I think that the best [form of it] that has been proposed is that of Billings, from Australia. So the Holy Father prohibited contraception, but indicated a way by which those who in their consciences, before God, can't have children, have sexual relations but avoid having children. But it is always necessary to be submissive to the providence of God. A Christian is always submissive to the providence of God. 

I was present for the funeral of Cardinal Prionio who was from Argentina, and was working in the Holy See. Cardinal Pironio was a great man.
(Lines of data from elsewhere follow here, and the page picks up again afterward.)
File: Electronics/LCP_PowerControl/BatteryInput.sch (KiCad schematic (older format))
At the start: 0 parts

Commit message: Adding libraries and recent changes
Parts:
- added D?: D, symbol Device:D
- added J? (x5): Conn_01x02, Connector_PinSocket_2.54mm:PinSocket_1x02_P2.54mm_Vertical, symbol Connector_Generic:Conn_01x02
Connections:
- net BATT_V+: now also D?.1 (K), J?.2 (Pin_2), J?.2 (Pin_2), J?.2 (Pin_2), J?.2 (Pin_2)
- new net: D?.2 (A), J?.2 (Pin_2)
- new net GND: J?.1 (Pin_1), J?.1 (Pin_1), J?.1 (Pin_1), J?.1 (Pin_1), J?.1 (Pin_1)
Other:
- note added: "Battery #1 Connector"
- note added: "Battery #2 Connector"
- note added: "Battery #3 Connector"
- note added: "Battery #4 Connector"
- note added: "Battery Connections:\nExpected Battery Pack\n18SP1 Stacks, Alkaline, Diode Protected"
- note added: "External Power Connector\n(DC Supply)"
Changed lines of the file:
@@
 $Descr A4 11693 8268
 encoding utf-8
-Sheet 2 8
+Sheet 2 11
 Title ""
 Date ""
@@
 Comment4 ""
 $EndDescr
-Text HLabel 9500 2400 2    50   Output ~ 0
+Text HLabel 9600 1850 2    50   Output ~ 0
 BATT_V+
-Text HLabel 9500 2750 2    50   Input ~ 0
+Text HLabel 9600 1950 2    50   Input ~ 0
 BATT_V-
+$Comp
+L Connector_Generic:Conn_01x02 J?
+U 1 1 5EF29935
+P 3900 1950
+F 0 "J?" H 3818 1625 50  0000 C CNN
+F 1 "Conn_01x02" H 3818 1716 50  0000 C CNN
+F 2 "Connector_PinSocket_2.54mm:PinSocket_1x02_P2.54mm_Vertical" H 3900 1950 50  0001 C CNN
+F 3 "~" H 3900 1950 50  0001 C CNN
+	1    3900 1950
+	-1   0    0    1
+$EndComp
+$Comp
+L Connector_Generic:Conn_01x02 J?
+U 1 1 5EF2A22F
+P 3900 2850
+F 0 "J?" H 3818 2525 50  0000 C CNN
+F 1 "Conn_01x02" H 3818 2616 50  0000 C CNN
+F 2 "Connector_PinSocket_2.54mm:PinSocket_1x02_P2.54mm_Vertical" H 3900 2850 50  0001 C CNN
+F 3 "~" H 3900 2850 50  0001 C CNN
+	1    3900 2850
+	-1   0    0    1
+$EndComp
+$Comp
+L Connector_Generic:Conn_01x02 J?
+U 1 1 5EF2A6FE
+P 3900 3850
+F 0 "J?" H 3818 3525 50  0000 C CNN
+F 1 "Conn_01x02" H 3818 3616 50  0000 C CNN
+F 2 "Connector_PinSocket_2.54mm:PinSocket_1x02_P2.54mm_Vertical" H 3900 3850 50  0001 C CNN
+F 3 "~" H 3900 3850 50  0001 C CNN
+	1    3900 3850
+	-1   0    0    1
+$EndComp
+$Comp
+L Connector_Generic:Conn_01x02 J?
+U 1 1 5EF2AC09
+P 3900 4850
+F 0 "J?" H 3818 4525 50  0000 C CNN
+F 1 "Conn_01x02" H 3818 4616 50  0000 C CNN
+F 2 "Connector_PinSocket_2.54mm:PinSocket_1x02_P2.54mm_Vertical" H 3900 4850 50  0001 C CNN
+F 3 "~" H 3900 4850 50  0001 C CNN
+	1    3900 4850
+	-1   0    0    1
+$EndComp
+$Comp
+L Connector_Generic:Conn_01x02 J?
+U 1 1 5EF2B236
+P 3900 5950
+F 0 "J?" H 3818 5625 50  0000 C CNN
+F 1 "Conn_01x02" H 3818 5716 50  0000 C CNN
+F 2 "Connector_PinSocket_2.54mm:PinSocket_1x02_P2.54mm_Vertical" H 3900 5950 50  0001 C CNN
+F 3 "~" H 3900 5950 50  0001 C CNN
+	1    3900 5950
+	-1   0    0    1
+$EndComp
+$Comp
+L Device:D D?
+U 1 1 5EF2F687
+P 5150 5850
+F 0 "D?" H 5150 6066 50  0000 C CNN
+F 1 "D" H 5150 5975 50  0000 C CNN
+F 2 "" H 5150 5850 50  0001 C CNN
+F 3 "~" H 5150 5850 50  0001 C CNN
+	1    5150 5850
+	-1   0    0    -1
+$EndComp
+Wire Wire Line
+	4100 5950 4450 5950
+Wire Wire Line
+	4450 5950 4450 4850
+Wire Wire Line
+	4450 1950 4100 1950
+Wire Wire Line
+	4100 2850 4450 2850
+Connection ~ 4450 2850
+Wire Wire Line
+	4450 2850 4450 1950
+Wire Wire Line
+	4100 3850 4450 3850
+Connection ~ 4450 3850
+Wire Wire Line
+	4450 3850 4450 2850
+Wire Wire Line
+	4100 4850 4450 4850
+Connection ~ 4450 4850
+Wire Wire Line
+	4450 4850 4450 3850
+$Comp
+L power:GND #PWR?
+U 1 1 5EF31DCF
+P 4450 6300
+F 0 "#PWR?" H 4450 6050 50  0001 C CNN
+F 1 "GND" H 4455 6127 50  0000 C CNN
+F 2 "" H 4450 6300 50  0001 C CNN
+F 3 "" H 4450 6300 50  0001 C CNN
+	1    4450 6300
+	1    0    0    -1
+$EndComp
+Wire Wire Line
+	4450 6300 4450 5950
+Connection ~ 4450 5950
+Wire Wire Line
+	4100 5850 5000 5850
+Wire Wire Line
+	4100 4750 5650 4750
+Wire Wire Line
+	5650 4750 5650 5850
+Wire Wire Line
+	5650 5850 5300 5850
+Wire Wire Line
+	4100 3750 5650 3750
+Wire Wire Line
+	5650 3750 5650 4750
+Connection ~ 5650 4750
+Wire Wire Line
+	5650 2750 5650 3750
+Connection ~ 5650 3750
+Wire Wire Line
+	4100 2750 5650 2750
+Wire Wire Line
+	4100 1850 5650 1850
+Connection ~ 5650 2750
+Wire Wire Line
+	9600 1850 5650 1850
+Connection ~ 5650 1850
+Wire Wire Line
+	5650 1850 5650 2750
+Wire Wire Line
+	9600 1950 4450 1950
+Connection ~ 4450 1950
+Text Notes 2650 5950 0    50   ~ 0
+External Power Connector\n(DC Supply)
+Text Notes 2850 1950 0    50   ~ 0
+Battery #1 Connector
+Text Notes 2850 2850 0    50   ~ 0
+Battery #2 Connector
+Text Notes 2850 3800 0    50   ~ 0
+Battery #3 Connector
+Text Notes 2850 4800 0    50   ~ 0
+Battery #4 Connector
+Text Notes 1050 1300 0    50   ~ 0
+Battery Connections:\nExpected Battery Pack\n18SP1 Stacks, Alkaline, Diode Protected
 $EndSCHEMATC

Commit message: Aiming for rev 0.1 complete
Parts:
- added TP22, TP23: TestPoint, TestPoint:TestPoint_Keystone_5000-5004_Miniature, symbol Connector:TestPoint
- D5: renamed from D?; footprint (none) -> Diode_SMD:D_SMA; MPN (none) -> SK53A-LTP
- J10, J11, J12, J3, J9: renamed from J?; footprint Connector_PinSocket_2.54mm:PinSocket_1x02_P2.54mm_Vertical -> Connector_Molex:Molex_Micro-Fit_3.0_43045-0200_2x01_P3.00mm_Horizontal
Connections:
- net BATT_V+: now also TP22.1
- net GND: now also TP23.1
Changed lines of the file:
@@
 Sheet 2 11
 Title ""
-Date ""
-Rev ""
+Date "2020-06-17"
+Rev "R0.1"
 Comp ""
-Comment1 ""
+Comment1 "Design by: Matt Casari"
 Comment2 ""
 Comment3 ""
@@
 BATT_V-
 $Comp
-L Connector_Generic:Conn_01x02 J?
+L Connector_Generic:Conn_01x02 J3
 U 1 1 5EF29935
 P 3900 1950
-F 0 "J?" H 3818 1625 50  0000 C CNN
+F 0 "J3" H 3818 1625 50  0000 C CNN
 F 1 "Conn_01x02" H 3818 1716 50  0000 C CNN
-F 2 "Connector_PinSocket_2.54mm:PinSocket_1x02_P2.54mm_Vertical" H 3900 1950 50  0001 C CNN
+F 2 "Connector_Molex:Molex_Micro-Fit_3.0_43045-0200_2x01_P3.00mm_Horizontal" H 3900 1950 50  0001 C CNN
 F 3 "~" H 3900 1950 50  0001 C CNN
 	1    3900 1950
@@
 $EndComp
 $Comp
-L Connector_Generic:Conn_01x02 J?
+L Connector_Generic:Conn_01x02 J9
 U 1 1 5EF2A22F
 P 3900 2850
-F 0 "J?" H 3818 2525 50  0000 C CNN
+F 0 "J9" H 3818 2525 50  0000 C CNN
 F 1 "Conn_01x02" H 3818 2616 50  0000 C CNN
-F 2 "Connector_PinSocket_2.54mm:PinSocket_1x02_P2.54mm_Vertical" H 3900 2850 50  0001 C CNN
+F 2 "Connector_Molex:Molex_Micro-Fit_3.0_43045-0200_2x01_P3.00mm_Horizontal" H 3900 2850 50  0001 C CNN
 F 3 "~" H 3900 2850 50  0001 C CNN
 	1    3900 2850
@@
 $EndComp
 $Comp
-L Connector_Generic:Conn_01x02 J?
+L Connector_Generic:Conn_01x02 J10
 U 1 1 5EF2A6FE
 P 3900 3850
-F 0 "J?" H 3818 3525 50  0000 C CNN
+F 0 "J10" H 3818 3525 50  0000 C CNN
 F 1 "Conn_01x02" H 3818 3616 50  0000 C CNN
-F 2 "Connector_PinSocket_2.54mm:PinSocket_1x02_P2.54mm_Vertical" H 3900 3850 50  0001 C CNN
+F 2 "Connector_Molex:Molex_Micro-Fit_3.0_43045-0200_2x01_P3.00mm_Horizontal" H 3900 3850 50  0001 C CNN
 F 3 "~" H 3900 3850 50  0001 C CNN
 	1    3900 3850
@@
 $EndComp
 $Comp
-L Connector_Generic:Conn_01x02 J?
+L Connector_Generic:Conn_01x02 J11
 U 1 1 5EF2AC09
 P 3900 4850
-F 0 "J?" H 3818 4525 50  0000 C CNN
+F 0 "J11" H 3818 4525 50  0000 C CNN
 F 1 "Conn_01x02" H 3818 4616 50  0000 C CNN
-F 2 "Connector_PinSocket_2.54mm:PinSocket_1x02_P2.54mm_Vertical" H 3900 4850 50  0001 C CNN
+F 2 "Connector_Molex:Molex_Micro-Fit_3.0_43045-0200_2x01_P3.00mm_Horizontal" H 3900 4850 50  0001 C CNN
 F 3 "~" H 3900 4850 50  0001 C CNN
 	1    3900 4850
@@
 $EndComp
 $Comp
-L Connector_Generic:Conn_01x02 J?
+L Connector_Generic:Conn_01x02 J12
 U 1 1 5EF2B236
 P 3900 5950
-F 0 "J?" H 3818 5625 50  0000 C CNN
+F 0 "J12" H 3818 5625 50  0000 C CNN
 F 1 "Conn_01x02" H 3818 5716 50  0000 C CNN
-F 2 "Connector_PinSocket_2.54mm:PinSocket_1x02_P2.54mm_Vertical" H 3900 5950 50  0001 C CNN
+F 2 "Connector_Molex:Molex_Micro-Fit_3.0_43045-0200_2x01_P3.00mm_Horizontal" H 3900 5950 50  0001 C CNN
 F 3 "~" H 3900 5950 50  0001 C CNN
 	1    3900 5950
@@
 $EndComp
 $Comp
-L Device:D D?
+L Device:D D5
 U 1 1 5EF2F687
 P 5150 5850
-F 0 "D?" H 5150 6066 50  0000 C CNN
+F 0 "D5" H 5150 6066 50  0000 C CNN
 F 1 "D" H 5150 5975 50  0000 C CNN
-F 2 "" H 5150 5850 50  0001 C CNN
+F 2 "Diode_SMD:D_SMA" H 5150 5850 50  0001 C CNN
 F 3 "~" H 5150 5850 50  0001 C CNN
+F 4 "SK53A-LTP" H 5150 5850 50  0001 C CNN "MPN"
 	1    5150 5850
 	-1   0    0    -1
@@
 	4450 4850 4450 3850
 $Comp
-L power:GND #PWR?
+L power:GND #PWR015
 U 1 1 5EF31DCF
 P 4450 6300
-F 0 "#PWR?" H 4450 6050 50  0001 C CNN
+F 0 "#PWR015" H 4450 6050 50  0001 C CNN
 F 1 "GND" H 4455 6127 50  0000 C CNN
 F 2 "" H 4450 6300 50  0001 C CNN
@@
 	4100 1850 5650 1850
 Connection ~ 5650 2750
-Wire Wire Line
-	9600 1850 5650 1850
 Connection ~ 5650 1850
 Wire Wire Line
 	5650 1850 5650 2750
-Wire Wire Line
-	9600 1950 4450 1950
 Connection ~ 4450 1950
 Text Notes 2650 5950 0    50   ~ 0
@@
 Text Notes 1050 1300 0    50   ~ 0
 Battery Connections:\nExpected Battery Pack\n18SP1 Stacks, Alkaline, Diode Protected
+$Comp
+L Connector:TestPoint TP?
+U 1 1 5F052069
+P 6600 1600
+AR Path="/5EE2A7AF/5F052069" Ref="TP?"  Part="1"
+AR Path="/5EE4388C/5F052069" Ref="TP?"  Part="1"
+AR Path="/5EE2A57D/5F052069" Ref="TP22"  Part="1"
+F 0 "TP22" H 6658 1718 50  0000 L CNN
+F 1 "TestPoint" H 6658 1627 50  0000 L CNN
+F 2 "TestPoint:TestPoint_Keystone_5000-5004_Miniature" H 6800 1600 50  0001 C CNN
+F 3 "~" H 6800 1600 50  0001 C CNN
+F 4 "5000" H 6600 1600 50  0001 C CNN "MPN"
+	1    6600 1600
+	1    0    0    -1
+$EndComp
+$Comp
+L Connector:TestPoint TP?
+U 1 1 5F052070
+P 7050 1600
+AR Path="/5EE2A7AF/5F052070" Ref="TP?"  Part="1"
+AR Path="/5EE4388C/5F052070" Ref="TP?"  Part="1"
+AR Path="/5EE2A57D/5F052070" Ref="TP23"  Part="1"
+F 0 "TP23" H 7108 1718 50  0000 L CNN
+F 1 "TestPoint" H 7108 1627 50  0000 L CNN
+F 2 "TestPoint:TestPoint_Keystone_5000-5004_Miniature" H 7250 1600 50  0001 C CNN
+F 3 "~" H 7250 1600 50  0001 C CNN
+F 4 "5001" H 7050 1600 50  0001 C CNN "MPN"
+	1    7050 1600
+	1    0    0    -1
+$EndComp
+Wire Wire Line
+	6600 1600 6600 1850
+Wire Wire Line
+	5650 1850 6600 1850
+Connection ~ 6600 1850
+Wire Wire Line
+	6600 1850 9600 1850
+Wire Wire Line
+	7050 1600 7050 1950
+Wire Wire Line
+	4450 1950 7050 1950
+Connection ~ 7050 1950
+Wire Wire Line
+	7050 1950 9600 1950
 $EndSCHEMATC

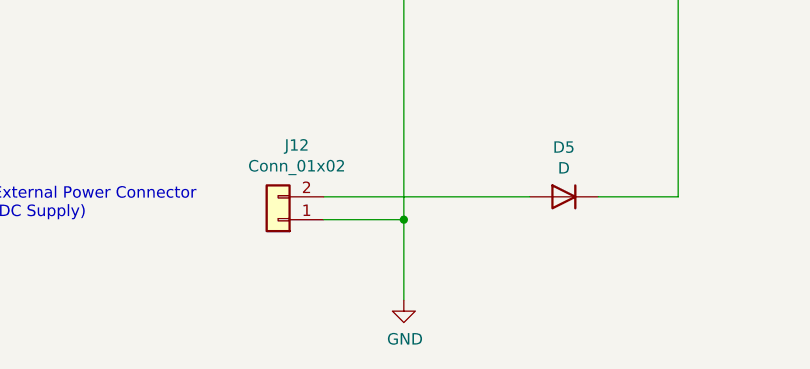
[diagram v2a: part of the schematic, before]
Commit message: KiCad Layout
Component and Traces finished. Need a look over. Will work on Silkscreen
after.

JTAG Connector. Should pin 1 be pulled up w/ 470Ohm resistor similar to
other designs? Also TDI and TMI signals are connected, is this correct?
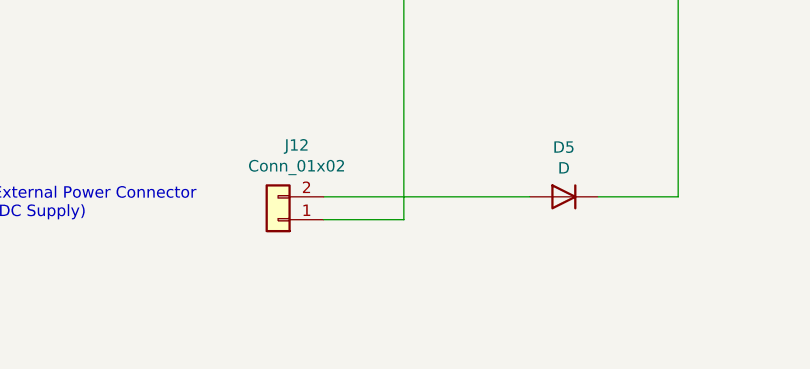
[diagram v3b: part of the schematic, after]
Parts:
- J10, J11, J12, J3, J9: footprint Connector_Molex:Molex_Micro-Fit_3.0_43045-0200_2x01_P3.00mm_Horizontal -> Connector_Molex:Molex_Micro-Fit_3.0_43045-0212_2x01_P3.00mm_Vertical
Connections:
- net GND renamed BATT_V-
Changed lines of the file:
@@
 F 0 "J3" H 3818 1625 50  0000 C CNN
 F 1 "Conn_01x02" H 3818 1716 50  0000 C CNN
-F 2 "Connector_Molex:Molex_Micro-Fit_3.0_43045-0200_2x01_P3.00mm_Horizontal" H 3900 1950 50  0001 C CNN
+F 2 "Connector_Molex:Molex_Micro-Fit_3.0_43045-0212_2x01_P3.00mm_Vertical" H 3900 1950 50  0001 C CNN
 F 3 "~" H 3900 1950 50  0001 C CNN
 	1    3900 1950
@@
 F 0 "J9" H 3818 2525 50  0000 C CNN
 F 1 "Conn_01x02" H 3818 2616 50  0000 C CNN
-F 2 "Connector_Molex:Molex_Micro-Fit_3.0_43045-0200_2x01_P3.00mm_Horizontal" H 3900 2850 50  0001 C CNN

And John Paul II, who celebrated the mass in St. Peter's Basilica, said that the mother of Cardinal Pironio, when she had her first child she appeared to be in very bad health, on the brink of death.

And the doctor told her, "You can't have a family, because you're going to die."

And so the mother was very anguished because she wanted to have more children.

She went to the bishop in [the town of] La Plata, And she told him what the doctor had told her.

And he told her, "Daughter, that's what the doctor says, but he who is in heaven is the one who decides."

And after that, she had 21 children! 

And the twenty-first was Cardinal Pironio. So it's necessary to have faith -- that's what the pope said in the funeral mass of Cardinal Eduardo Pironio. It's always necessary to have faith in the providence of God 

LifeSiteNews: And also, today we are hearing that even those who are living in homosexual relationships can receive Holy Communion if they are [doing so] "in good conscience."

Cardinal Sandoval: No. That's an abuse also. They can't be in good conscience. Chastity is a universal precept. All of us must maintain chastity.

For those who are married, there is conjugal chastity. Which is their fidelity to one another, between the husband and the wife, conjugal fidelity, conjugal chastity. In the case of singles, it is that they abstain, and those who are homosexuals, those who have attractions to the same sex, also abstaining. So just as those who have normal tendencies, and aren't married, have to abstain, so those who have abnormal tendencies must also abstain.

Even more so, knowing that homosexuality is a psychological illness which can be cured. Let them seek a cure, because homosexuality is never permitted. That's what Genesis is about. Gomorrah . . . what happened with  Sodom and Gomorrah? What happened?

He destroyed them . . .

They gave vent to their desires and were destroyed in that way. And St. Paul says clearly, in one of his letters — where he gives a list of those who will not possess the kingdom of God —, he says that homosexuals will not enter into the kingdom of God.

This means those homosexuals who practice it, not those who control themselves and maintain a correct life, and there are many people who have the misfortune of being homosexual but who live chastely. Those, yes, are going to enter into the kingdom of God. But those who practice it will not enter the kingdom of God. St. Paul says that. And homosexuality is condemned, totally condemned, in the Old Testament, in Genesis, and by St. Paul in the New Testament.

On resisting temptation:

Cardinal Sandoval: All of us can resist temptations, all of us, no matter how great they are, by the grace of God. Alone, no, alone no. And the Council of Trent, when it spoke of the grace of God and of justification said that man cannot, by his efforts alone, keep the law of God. He needs the grace of God to keep [the law of God].